Before you start
This tutorial presents an overview of the concepts essential to understanding Cell Broadband Engine (Cell BE) architecture and how a compiler can implement solutions to automatically distribute code to the Synergistic Processing Elements (SPEs) of Cell BE architecture. It is based mainly on the experiences of IBM Research in creating the Octopiler optimizing compiler, but also includes input from the Visual Age XL compiler team; as a series, it should be useful to other compiler writers, but also to anyone who would like a clearer understanding of Cell BE architecture in general. It introduces the local store memory of SPEs, the instruction buffer, auto-SIMDizing code, and the software cache approach to accessing irregular data. Subsequent tutorials discuss these topics in greater detail.
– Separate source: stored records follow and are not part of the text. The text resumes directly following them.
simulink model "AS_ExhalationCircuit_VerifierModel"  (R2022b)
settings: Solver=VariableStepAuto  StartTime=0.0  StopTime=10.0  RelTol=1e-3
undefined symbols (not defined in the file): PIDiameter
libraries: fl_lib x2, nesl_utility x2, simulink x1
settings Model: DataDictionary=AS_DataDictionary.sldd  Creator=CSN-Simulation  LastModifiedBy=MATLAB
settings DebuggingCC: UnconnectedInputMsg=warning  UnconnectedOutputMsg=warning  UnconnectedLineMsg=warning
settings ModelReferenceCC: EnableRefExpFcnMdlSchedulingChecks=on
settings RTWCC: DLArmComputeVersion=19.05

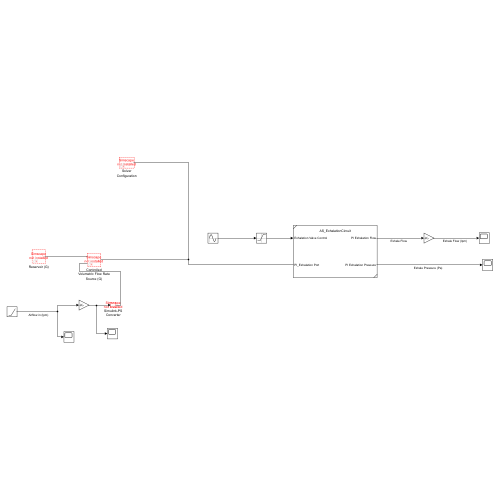
[thumbnail: Simulink's stored preview of the top-level diagram]
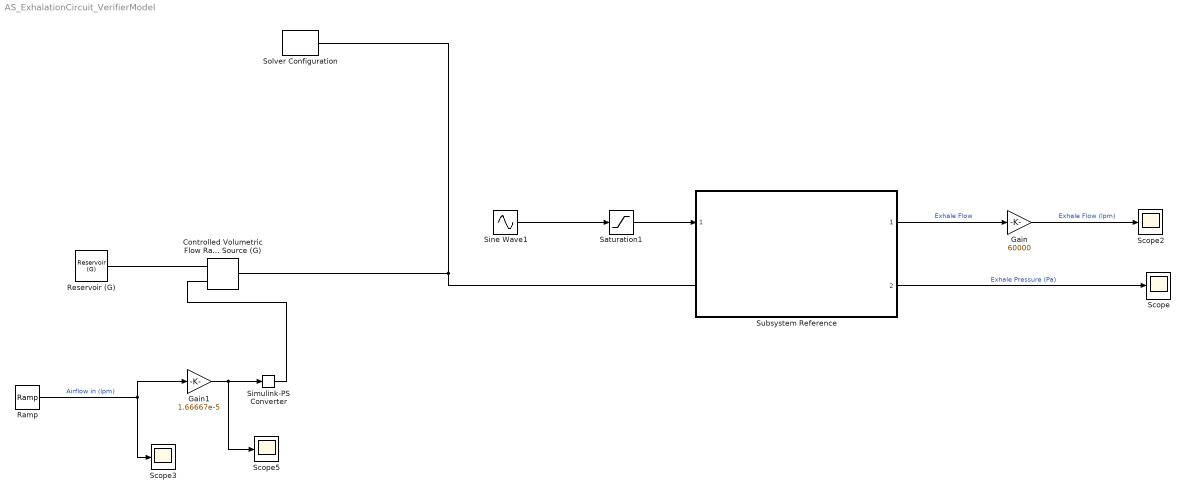
== system AS_ExhalationCircuit_VerifierModel ==
  Controlled Volumetric Flow Rate Source (G) : fl_lib/Gas/Sources/Controlled Volumetric Flow Rate Source (G)  power_spec=foundation.enum.power_spec.isentropic  area_A=pi*(PIDiameter/2)^2 mm^2  area_B=pi*(PIDiameter/2)^2 mm^2
      settings: InternalSimscapePortConfiguration="{\"Bottom\":[],\"Left\":[{\"id\":\"A\",\"label\":\"A\",\"type\":\"foundation.gas.gas\"},{\"id\":\"V\",\"label\":\"V\",\"type\":\"input\"}],\"Right\":[{\"id\":\"B\",\"label\":\"B\",\"type\":\"foundation.gas.gas\"}],\"Top\":[]}"
  Gain : Gain  Gain=60000
  Gain1 : Gain  Gain=1.66667e-5
  Ramp : simulink/Sources/Ramp  slope=1  start=0  InitialOutput=1
  Reservoir (G) : fl_lib/Gas/Elements/Reservoir (G)  pressure_spec=foundation.enum.pressure_spec.atmospheric  reservoir_pressure=0.101325 MPa  reservoir_temperature=T_room degC  area_A=pi*(PIDiameter/2)^2 mm^2
  Saturation1 : Saturate  UpperLimit=1  LowerLimit=0.0000001
  Scope{,2..3,5} (4 alike) : Scope
  Simulink-PS Converter : nesl_utility/Simulink-PS Converter  PhysicalDomain=network_engine_domain  SubClassName=ps_input  LeftPortType=input  RightPortType=output  PseudoPeriodic=off  Frequencies=[]  NoiseDistribution=none  NoiseParameters=[]  Unit=m^3/s  AffineConversion=off  FilteringAndDerivatives=provide  SimscapeFilterOrder=1  InputFilterTimeConstant=0.001  UdotUserProvided=0
  Sine Wave1 : Sin  Amplitude=0.000464  Frequency=0.5  SampleTime=0
  Solver Configuration : nesl_utility/Solver Configuration  PhysicalDomain=network_engine_domain  SubClassName=solver  LeftPortType=input  RightPortType=generic  Tones=[]  Harmonics=[]  SimulateNoise=off  Profile=off  UseLocalSampling=off  EnableSwitchedLinearOptims=on  FrequencyDomain=off  UseCCode=off  RelTol=0.001  AbsTol=1e-06  MinStep=1e-09  ToWorkspace=off  RevertToSquareIcSolve=off  NumHomotopyIterations=100  PhasorMode=off  PhasorModeNumHarmonics=1  DoDC=off  ResidualTolerance=1e-09  UseLocalSolver=off  LocalSolverChoice=NE_BACKWARD_EULER_ADVANCER  LocalSolverSampleTime=0.001  DoFixedCost=off  MaxNonlinIter=3  MaxModeIter=2  ComputeImpulses=off  ImpulseIterations=2  LinearAlgebra=auto  EquationFormulation=NE_TIME_EF  DelaysMemoryBudget=1024  AutomaticFiltering=on  FilteringTimeConstant=0.001  PartitionStorageMethod=AS_NEEDED  PartitionMemoryBudget=1024  PartitionMethod=ROBUST
  Subsystem Reference : Subsystem  ReferencedSubsystem=AS_ExhalationCircuit
  wires:
  Subsystem Reference/2 -> Scope/1  "Exhale Pressure (Pa)"
  Subsystem Reference/1 -> Gain/1  "Exhale Flow"
  Gain/1 -> Scope2/1  "Exhale Flow (lpm)"
  Sine Wave1/1 -> Saturation1/1
  Saturation1/1 -> Subsystem Reference/1
  Gain1/1 -> Scope5/1, Simulink-PS Converter/1
  Ramp/1 -> Gain1/1, Scope3/1  "Airflow in (lpm)"
  connections:
  Solver Configuration/RConn1 -- Controlled Volumetric Flow Rate Source (G)/RConn1 -- Subsystem Reference/LConn1
  Controlled Volumetric Flow Rate Source (G)/LConn1 -- Reservoir (G)/LConn1
  Controlled Volumetric Flow Rate Source (G)/LConn2 -- Simulink-PS Converter/RConn1

The topics covered in this five-part series include:
- Part 1: Overview: The Cell BE architecture and some of the issues faced in compiler design
- Part 2: Optimizing for the SPE: Optimizations used on the SPEs, such as how the compiler translates scalar code for a vector-only processor
- Part 3: Making the most of SIMD: How a compiler can effectively generate SIMD code for two different architectures (the SPE and VMX), accommodating the various technical constraints of the processors
- Part 4: Partitioning large tasks: How the compiler, or the user, can divide tasks up between the SPEs and the main processor
- Part 5: Managing memory: Techniques used, by the compiler or the programmer, to give the SPEs access to data that can't fit in local storage
Basic familiarity with computer architecture is helpful, but nearly any programmer in possession of a fully functional brain should be able to follow along.